- Source records -
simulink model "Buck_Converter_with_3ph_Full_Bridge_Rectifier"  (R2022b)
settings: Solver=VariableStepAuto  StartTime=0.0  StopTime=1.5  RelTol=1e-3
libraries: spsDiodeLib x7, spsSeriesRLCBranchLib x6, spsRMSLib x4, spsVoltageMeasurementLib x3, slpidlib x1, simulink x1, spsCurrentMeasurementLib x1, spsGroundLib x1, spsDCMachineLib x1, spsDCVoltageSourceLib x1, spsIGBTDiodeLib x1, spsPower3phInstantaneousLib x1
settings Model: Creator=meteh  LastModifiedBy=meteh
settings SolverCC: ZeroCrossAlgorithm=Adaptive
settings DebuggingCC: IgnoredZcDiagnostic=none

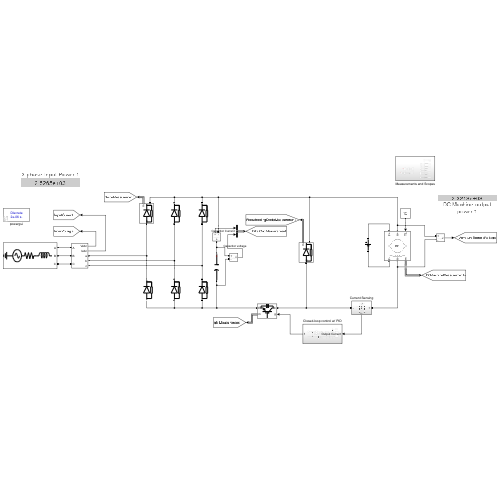
[thumbnail: Simulink's stored preview of the top-level diagram]
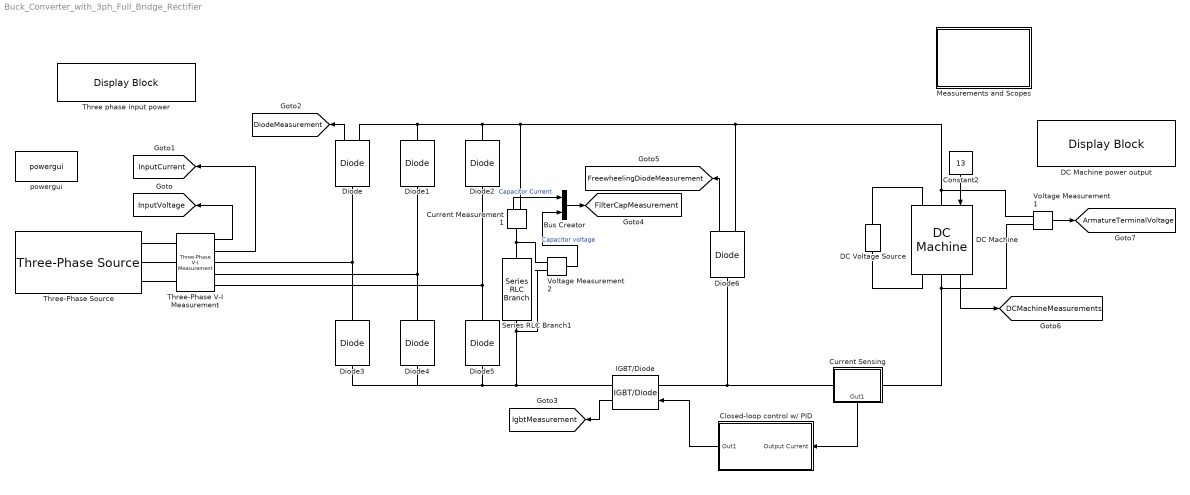
== system Buck_Converter_with_3ph_Full_Bridge_Rectifier ==
  Bus Creator : BusCreator  Inputs=2
  Closed-loop control w/ PID : Subsystem
  Constant2 : Constant  Value=13
  Current Measurement1 : spsCurrentMeasurementLib/Current Measurement  PhasorSimulation=off  OutputType=Complex  PSBequivalent=0
  Current Sensing : Subsystem
      settings: PortSchema="{\"entries\":[{\"content\":{\"sides\":[{\"content\":{\"connectorIds\":[\"LConn1\"]},\"type\":\"ConnectorPlacement.EquallySpacedRectSide\",\"uuid\":\"6fa835bd-a2a4-417c-aa91-2e27fd6635f1\"},{\"content\":{\"connectorIds\":[\"RConn1\"],\"side\":\"RIGHT\"},\"type\":\"ConnectorPlacement.EquallySpacedRectSide\",\"uuid\":\"e9586d19-de97-4ead-9c55-c2528cb3bc0e\"},{\"content\":{\"connectorIds\":[\"Out1\"],\"side\":\"TOP\"},\"type\":\"ConnectorPlacement.EquallySpacedRectSide\",\"uuid\":\"424d4a95-090a-4dbd-b56e-3f349dbd57f8\"}]},\"type\":\"ConnectorPlacement.EquallySpacedConnector\",\"uuid\":\"c618b47f-ea3e-4942-947b-44e1bd30c47a\"}],\"packageUris\":[\"http://schema.mathworks.com/mf0/Connector/R2020b\"],\"version\":\"1.0\"}"
  DC Machine : spsDCMachineLib/DC Machine  PresetModel=No  MechanicalLoad=Torque TL  FieldType=Wound  ShowDetailedParameters=on  MeasurementBus=off  RLa="[ 0.8  0.0125]"  RLf="[ 210  23]"  Laf=1  MachineConstant=Torque constant (N.m/A)  Ke=1.8  Kt=1.8  J=0.001  Bm=0.001  Tf=0.001  w0=0  Ifinit=0.952380952380952  TsPowergui=0  TsBlock=-1
  DC Machine power output : DisplayBlock  LabelPosition=Bottom  Transparency=1
  DC Voltage Source : spsDCVoltageSourceLib/DC Voltage Source  Amplitude=200  Measurements=None
  Diode : spsDiodeLib/Diode  Ron=0.001  Lon=0  Vf=0.8  IC=0  UseSnubber=0  Rs=500  Cs=250e-9  Measurements=on
  Diode{1..5} (5 alike) : spsDiodeLib/Diode  Ron=0.001  Lon=0  Vf=0.8  IC=0  UseSnubber=0  Rs=500  Cs=250e-9  Measurements=off
  Diode6 : spsDiodeLib/Diode  Ron=0.001  Lon=0  Vf=0.8  IC=0  UseSnubber=0  Rs=500  Cs=250e-9  Measurements=on
  IGBT/Diode : spsIGBTDiodeLib/IGBT//Diode  Ron=1e-3  Rs=1e5  Cs=inf  Measurements=on
  Measurements and Scopes : Subsystem
  Series RLC Branch1 : spsSeriesRLCBranchLib/Series RLC Branch  LConnTagsString=__new0  RConnTagsString=__new0  BranchType=C  Resistance=0.8  Inductance=12.5e-3  SetiL0=off  InitialCurrent=0  Capacitance=940e-6  Setx0=off  InitialVoltage=0  Measurements=None
  Three phase input power : DisplayBlock  Description=Three phase input power  Transparency=1  Layout=Fill available space
  Three-Phase V-I Measurement : spsThreePhaseVIMeasurementLib/Three-Phase V-I Measurement  VoltageMeasurement=phase-to-ground  SetLabelV=off  LabelV=Vabc  Vpu=off  VpuLL=off  CurrentMeasurement=yes  SetLabelI=off  LabelI=Iabc  Ipu=off  Pbase=100e6  Vbase=500e3  OutputType=Complex  PhasorSimulation=off  PSBequivalent=0
  Three-Phase Source : spsThreePhaseSourceLib/Three-Phase Source  InternalConnection=Yg  VoltagePhases=off  Voltage=133  PhaseAngle=0  Voltage_phases=[25e3 25e3 25e3]/sqrt(3)  PhaseAngles_phases=[0 -120 +120]  Frequency=50  NonIdealSource=on  SpecifyImpedance=off  Resistance=0.02  Inductance=2e-3  ShortCircuitLevel=100e6  BaseVoltage=25e3  XRratio=7  BusType=swing  Pref=10e3  Qref=0  Prefabc=[10e3, 10e3, 10e3]  Qrefabc=[0, 0, 0]  Qmin=-inf  Qmax=inf
  Voltage Measurement1 : spsVoltageMeasurementLib/Voltage Measurement  PhasorSimulation=off  OutputType=Complex  PSBequivalent=0
  Voltage Measurement2 : spsVoltageMeasurementLib/Voltage Measurement  PhasorSimulation=off  OutputType=Complex  PSBequivalent=0
  powergui : spspowerguiLib/powergui  Priority=1  SimulationMode=Discrete  SampleTime=2e-6  frequency=60  Iterations=50  frequencyindice=0  Pbase=100e6  ErrMax=1e-4  UnitsV=kV  UnitsW=MW  buscounter=0  FunctionMessages=off  echomessages=off  EnableUseOfTLC=off  CurrentSourceSwitches=off  DisableSnubberDevices=off  DisableRonSwitches=off  DisableVfSwitches=off  DisplayEquations=off  AutomaticDiscreteSolvers=off  SolverType=Tustin/Backward Euler (TBE)  Interpol=off  ExternalGateDelay=off  methode=off  Ts=100  x0status=blocks  SPID=on  SwTol=0  HookPort=off  NonlinearTolerance=1e-4  nMaxIteration=100  ContinueOnMaxIteration=off  RestoreLinks=warning  ResistiveCurrentMeasurement=off  Frange=[0:2:500]  Ylog=off  Xlog=on  ShowGrid=off  save=off  variable=ZData  structure=0  ZoomFFT=off  StartTime=0.0  cycles=1  DisplayStyle=1  fundamental=60  FreqAxis=off  MaxFrequency=1000  frequencyindicesteady=1  RmsSteady=1  display=off
  tag scope: ArmatureTerminalVoltage=global, DCMachineMeasurements=global, DiodeMeasurement=global, FilterCapMeasurement=global, FreewheelingDiodeMeasurement=global, IgbtMeasurement=global, InputCurrent=global, InputVoltage=global
  wires:
  Constant2/1 -> DC Machine/1
  Three-Phase V-I Measurement/2 -> [InputCurrent]
  Three-Phase V-I Measurement/1 -> [InputVoltage]
  Diode6/1 -> [FreewheelingDiodeMeasurement]
  Current Measurement1/1 -> Bus Creator/1  "Capacitor Current"
  Voltage Measurement2/1 -> Bus Creator/2  "Capacitor voltage"
  Bus Creator/1 -> [FilterCapMeasurement]
  DC Machine/1 -> [DCMachineMeasurements]
  Voltage Measurement1/1 -> [ArmatureTerminalVoltage]
  Diode/1 -> [DiodeMeasurement]
  IGBT/Diode/1 -> [IgbtMeasurement]
  Current Sensing/1(Out1) -> Closed-loop control w/ PID/1(Output Current)
  Closed-loop control w/ PID/1(Out1) -> IGBT/Diode/1
  connections:
  Diode3/RConn1 -- Three-Phase V-I Measurement/RConn1 -- Diode/LConn1
  Diode4/RConn1 -- Three-Phase V-I Measurement/RConn2 -- Diode1/LConn1
  Diode5/RConn1 -- Diode2/LConn1 -- Three-Phase V-I Measurement/RConn3
  Series RLC Branch1/RConn1 -- IGBT/Diode/RConn1 -- Diode3/LConn1 -- Diode4/LConn1 -- Diode5/LConn1 -- Voltage Measurement2/LConn2
  Three-Phase Source/RConn1 -- Three-Phase V-I Measurement/LConn1
  Three-Phase Source/RConn2 -- Three-Phase V-I Measurement/LConn2
  Three-Phase Source/RConn3 -- Three-Phase V-I Measurement/LConn3
  DC Voltage Source/RConn1 -- DC Machine/LConn2
  DC Machine/RConn2 -- DC Voltage Source/LConn1
  Current Measurement1/RConn1 -- Voltage Measurement1/LConn1 -- DC Machine/LConn1 -- Diode6/RConn1 -- Diode/RConn1 -- Diode1/RConn1 -- Diode2/RConn1
  Current Measurement1/LConn1 -- Series RLC Branch1/LConn1 -- Voltage Measurement2/LConn1
  DC Machine/RConn1 -- Current Sensing/LConn1 -- Voltage Measurement1/LConn2
  Diode6/LConn1 -- IGBT/Diode/LConn1 -- Current Sensing/RConn1

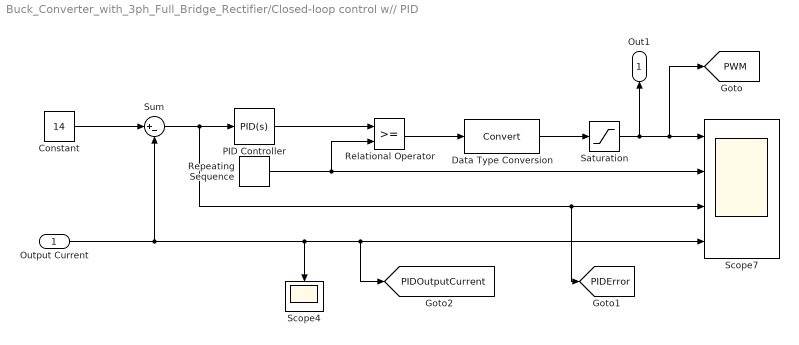
== system Buck_Converter_with_3ph_Full_Bridge_Rectifier/Closed-loop control w// PID ==
  Output Current : Inport
  Constant : Constant  Value=14
  Data Type Conversion : DataTypeConversion  OutMin=[0.01]  OutMax=[1]  SaturateOnIntegerOverflow=off  RndMeth=Floor
  PID Controller : slpidlib/PID Controller  Controller=PID  Form=Parallel  TimeDomain=Continuous-time  UseExternalTs=off  SampleTime=-1  IntegratorMethod=Forward Euler  FilterMethod=Forward Euler  ControllerParametersSource=internal  P=100  I=20  UseKiTs=off  D=1  N=100  UseFilter=on  TunerSelectOption=Transfer Function Based (PID Tuner App)  InitialConditionSource=internal  InitialConditionForIntegrator=0  InitialConditionForFilter=0  DifferentiatorICPrevScaledInput=0  ExternalReset=none  TrackingMode=off  Kt=1  LimitOutput=off  SatLimitsSource=internal  UpperSaturationLimit=inf  LowerSaturationLimit=-inf  LinearizeAsGain=on  AntiWindupMode=none  Kb=1  LimitIntegrator=off  UpperIntegratorSaturationLimit=inf  LowerIntegratorSaturationLimit=-inf  POutMin=[]  POutMax=[]  IOutMin=[]  IOutMax=[]  DOutMin=[]  DOutMax=[]  NOutMin=[]  NOutMax=[]  SumOutMin=[]  SumOutMax=[]  SaturationOutMin=[]  SaturationOutMax=[]  PParamMin=[]  PParamMax=[]  IParamMin=[]  IParamMax=[]  DParamMin=[]  DParamMax=[]  NParamMin=[]  NParamMax=[]  KbParamMin=[]  KbParamMax=[]  KtParamMin=[]  KtParamMax=[]  KbOutMin=[]  KbOutMax=[]  KtOutMin=[]  KtOutMax=[]  IntegratorOutMin=[]  IntegratorOutMax=[]  FilterOutMin=[]  FilterOutMax=[]  SumI1OutMin=[]  SumI1OutMax=[]  SumI2OutMin=[]  SumI2OutMax=[]  SumI3OutMin=[]  SumI3OutMax=[]  SumI4OutMin=[]  SumI4OutMax=[]  SumDOutMin=[]  SumDOutMax=[]  DifferentiatorOutMin=[]  DifferentiatorOutMax=[]  FilterDiffOutCoefMin=[]  FilterDiffOutCoefMax=[]  ReciprocalOutMin=[]  ReciprocalOutMax=[]  SumDenOutMin=[]  SumDenOutMax=[]  SumNumOutMin=[]  SumNumOutMax=[]  DivideOutMin=[]  DivideOutMax=[]  UdiffTsProdOutMin=[]  UdiffTsProdOutMax=[]  NTsProdOutMin=[]  NTsProdOutMax=[]  UintegralTsProdOutMin=[]  UintegralTsProdOutMax=[]  UngainTsProdOutMin=[]  UngainTsProdOutMax=[]  ClampingZeroOutDataTypeStr=Inherit: Inherit via back propagation  ClampingZeroOutMin=[]  ClampingZeroOutMax=[]  FilterDenConstantOutDataTypeStr=Inherit: Inherit via back propagation  FilterDenConstantOutMin=[]  FilterDenConstantOutMax=[]  PCopyOutDataTypeStr=Inherit: Inherit via back propagation  PCopyOutMin=[]  PCopyOutMax=[]  NCopyOutDataTypeStr=Inherit: Inherit via back propagation  NCopyOutMin=[]  NCopyOutMax=[]  IntegratorContinuousStateAttributes=''  IntegratorStateMustResolveToSignalObject=off  IntegratorRTWStateStorageClass=Auto  FilterContinuousStateAttributes=''  FilterStateMustResolveToSignalObject=off  FilterRTWStateStorageClass=Auto  ParallelPVariant=InternalParameters  IdealPVariant=Disabled  IVariant=InternalParameters  DVariant=InternalParameters  IntegratorVariant=Continuous  SatVariant=Disabled  AWVariant=Passthrough  PCopyVariant=Disabled  TRVariant=Disabled  FdbkBlocksVariant=Forward  IdealPFdbkVariant=Disabled  SatFdbkVariant=Disabled  DerivativeFilterVariant=ContFilter  NVariant=InternalParameters  NCopyVariant=Disabled  FilterICVariant=InternalICsFilter  IntegratorICVariant=InternalICs  ExternalResetVariant=Disabled  TRSumVariant=Passthrough  SumFdbkVariant=Disabled  SumVariant=Sum_PID  TsampFilterVariant=InternalTs  TsampNgainVariant=Passthrough  TsampIntegralVariant=Passthrough  ExternalSaturationOutDataTypeStr=Inherit: Same as second input
  Relational Operator : RelationalOperator  OutDataTypeStr=boolean  RndMeth=Simplest  InputSameDT=off
  Repeating Sequence : simulink/Sources/Repeating Sequence  rep_seq_t=[0 5e-3]  rep_seq_y=[0 15]
  Saturation : Saturate  UpperLimit=1  LowerLimit=0
  Scope4 : Scope
  Scope7 : Scope  NumInputPorts=4
  Sum : Sum  Inputs=|+-
  Out1 : Outport
  tag scope: PIDError=global, PIDOutputCurrent=global, PWM=global
  wires:
  Repeating Sequence/1 -> Scope7/2, Relational Operator/2
  Saturation/1 -> Out1/1, [PWM], Scope7/1
  Output Current/1 -> Scope7/4, [PIDOutputCurrent], Scope4/1, Sum/2
  Sum/1 -> [PIDError], Scope7/3, PID Controller/1
  Data Type Conversion/1 -> Saturation/1
  PID Controller/1 -> Relational Operator/1
  Constant/1 -> Sum/1
  Relational Operator/1 -> Data Type Conversion/1

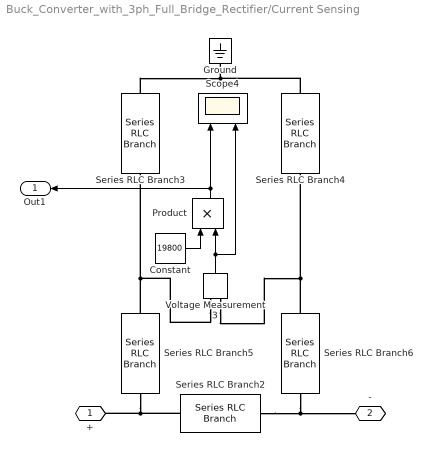
== system Buck_Converter_with_3ph_Full_Bridge_Rectifier/Current Sensing ==
  Constant : Constant  Value=19800
  Ground : spsGroundLib/Ground  LConnTagsString=a
  Product : Product
  Scope4 : Scope  NumInputPorts=2
  Series RLC Branch2 : spsSeriesRLCBranchLib/Series RLC Branch  LConnTagsString=__new0  RConnTagsString=__new0  BranchType=R  Resistance=0.005  Inductance=12.5e-3  SetiL0=off  InitialCurrent=0  Capacitance=940e-6  Setx0=off  InitialVoltage=0  Measurements=None
  Series RLC Branch3 : spsSeriesRLCBranchLib/Series RLC Branch  LConnTagsString=__new0  RConnTagsString=__new0  BranchType=R  Resistance=500  Inductance=12.5e-3  SetiL0=off  InitialCurrent=0  Capacitance=940e-6  Setx0=off  InitialVoltage=0  Measurements=None
  Series RLC Branch4 : spsSeriesRLCBranchLib/Series RLC Branch  LConnTagsString=__new0  RConnTagsString=__new0  BranchType=R  Resistance=500  Inductance=12.5e-3  SetiL0=off  InitialCurrent=0  Capacitance=940e-6  Setx0=off  InitialVoltage=0  Measurements=None
  Series RLC Branch5 : spsSeriesRLCBranchLib/Series RLC Branch  LConnTagsString=__new0  RConnTagsString=__new0  BranchType=R  Resistance=49e3  Inductance=12.5e-3  SetiL0=off  InitialCurrent=0  Capacitance=940e-6  Setx0=off  InitialVoltage=0  Measurements=None
  Series RLC Branch6 : spsSeriesRLCBranchLib/Series RLC Branch  LConnTagsString=__new0  RConnTagsString=__new0  BranchType=R  Resistance=49e3  Inductance=12.5e-3  SetiL0=off  InitialCurrent=0  Capacitance=940e-6  Setx0=off  InitialVoltage=0  Measurements=None
  Voltage Measurement3 : spsVoltageMeasurementLib/Voltage Measurement  PhasorSimulation=off  OutputType=Complex  PSBequivalent=0
  + : PMIOPort  Side=Left
  - : PMIOPort  Port=2  Side=Right
  Out1 : Outport
  wires:
  Constant/1 -> Product/1
  Product/1 -> Scope4/1, Out1/1
  Voltage Measurement3/1 -> Scope4/2, Product/2
  connections:
  Series RLC Branch3/RConn1 -- Ground/LConn1 -- Series RLC Branch4/RConn1
  Series RLC Branch5/RConn1 -- Series RLC Branch3/LConn1 -- Voltage Measurement3/LConn1
  Series RLC Branch6/RConn1 -- Voltage Measurement3/LConn2 -- Series RLC Branch4/LConn1
  Series RLC Branch6/LConn1 -- Series RLC Branch2/LConn1 -- -/RConn1
  Series RLC Branch5/LConn1 -- Series RLC Branch2/RConn1 -- +/RConn1

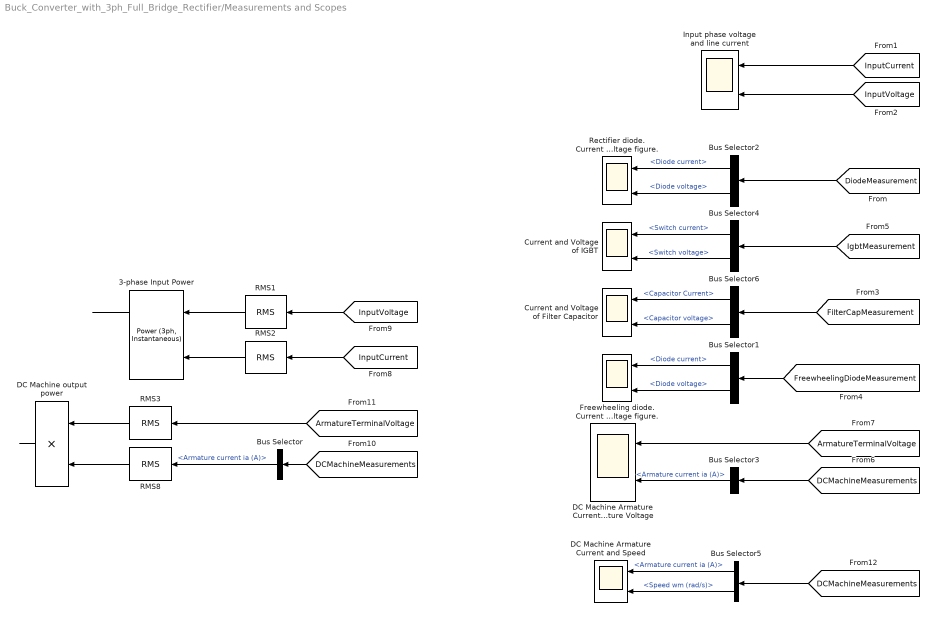
== system Buck_Converter_with_3ph_Full_Bridge_Rectifier/Measurements and Scopes ==
  3-phase Input Power : spsPower3phInstantaneousLib/Power (3ph, Instantaneous)
  Bus Selector : BusSelector  OutputSignals=Armature current ia (A)
  Bus Selector1 : BusSelector  OutputSignals=Diode current,Diode voltage
  Bus Selector2 : BusSelector  OutputSignals=Diode current,Diode voltage
  Bus Selector3 : BusSelector  OutputSignals=Armature current ia (A)
  Bus Selector4 : BusSelector  OutputSignals=Switch current,Switch voltage
  Bus Selector5 : BusSelector  OutputSignals=Armature current ia (A),Speed wm (rad/s)
  Bus Selector6 : BusSelector  OutputSignals=Capacitor Current,Capacitor voltage
  Current and Voltage of Filter Capacitor : Scope  NumInputPorts=2
  Current and Voltage of IGBT : Scope  NumInputPorts=2
  DC Machine Armature Current and Armature Voltage : Scope  NumInputPorts=2
  DC Machine Armature Current and Speed : Scope  NumInputPorts=2
  DC Machine output power : Product
  Freewheeling diode. Current and Voltage figure. : Scope  NumInputPorts=2
  Input phase voltage and line current : Scope  NumInputPorts=2
  RMS1 : spsRMSLib/RMS  TrueRMS=on  Freq=50  RMSInit=0  Ts=0
  RMS2 : spsRMSLib/RMS  TrueRMS=on  Freq=50  RMSInit=0  Ts=0
  RMS3 : spsRMSLib/RMS  TrueRMS=on  Freq=50  RMSInit=0  Ts=0
  RMS8 : spsRMSLib/RMS  TrueRMS=on  Freq=60  RMSInit=0  Ts=0
  Rectifier diode. Current and voltage figure. : Scope  NumInputPorts=2
  wires:
  Bus Selector/1 -> RMS8/1  "<Armature current ia (A)>"
  [FreewheelingDiodeMeasurement] -> Bus Selector1/1
  Bus Selector1/1 -> Freewheeling diode. Current and Voltage figure./1  "<Diode current>"
  Bus Selector1/2 -> Freewheeling diode. Current and Voltage figure./2  "<Diode voltage>"
  [DiodeMeasurement] -> Bus Selector2/1
  Bus Selector2/1 -> Rectifier diode. Current and voltage figure./1  "<Diode current>"
  Bus Selector2/2 -> Rectifier diode. Current and voltage figure./2  "<Diode voltage>"
  [ArmatureTerminalVoltage] -> DC Machine Armature Current and Armature Voltage/1
  [DCMachineMeasurements] -> Bus Selector3/1
  Bus Selector3/1 -> DC Machine Armature Current and Armature Voltage/2  "<Armature current ia (A)>"
  [IgbtMeasurement] -> Bus Selector4/1
  Bus Selector4/1 -> Current and Voltage of IGBT/1  "<Switch current>"
  Bus Selector4/2 -> Current and Voltage of IGBT/2  "<Switch voltage>"
  [DCMachineMeasurements] -> Bus Selector/1
  [DCMachineMeasurements] -> Bus Selector5/1
  Bus Selector5/1 -> DC Machine Armature Current and Speed/1  "<Armature current ia (A)>"
  Bus Selector5/2 -> DC Machine Armature Current and Speed/2  "<Speed wm (rad/s)>"
  Bus Selector6/2 -> Current and Voltage of Filter Capacitor/2  "<Capacitor voltage>"
  Bus Selector6/1 -> Current and Voltage of Filter Capacitor/1  "<Capacitor Current>"
  [FilterCapMeasurement] -> Bus Selector6/1
  [InputCurrent] -> Input phase voltage and line current/1
  [InputVoltage] -> Input phase voltage and line current/2
  3-phase Input Power/1 -> ?
  [ArmatureTerminalVoltage] -> RMS3/1
  [InputVoltage] -> RMS1/1
  [InputCurrent] -> RMS2/1
  RMS3/1 -> DC Machine output power/1
  RMS1/1 -> 3-phase Input Power/1
  RMS2/1 -> 3-phase Input Power/2
  RMS8/1 -> DC Machine output power/2
  DC Machine output power/1 -> ?

- Instructions for the task -
Across the entries, how many lines contain "Creator"? Reply with the number only.

- Solution for this problem -
5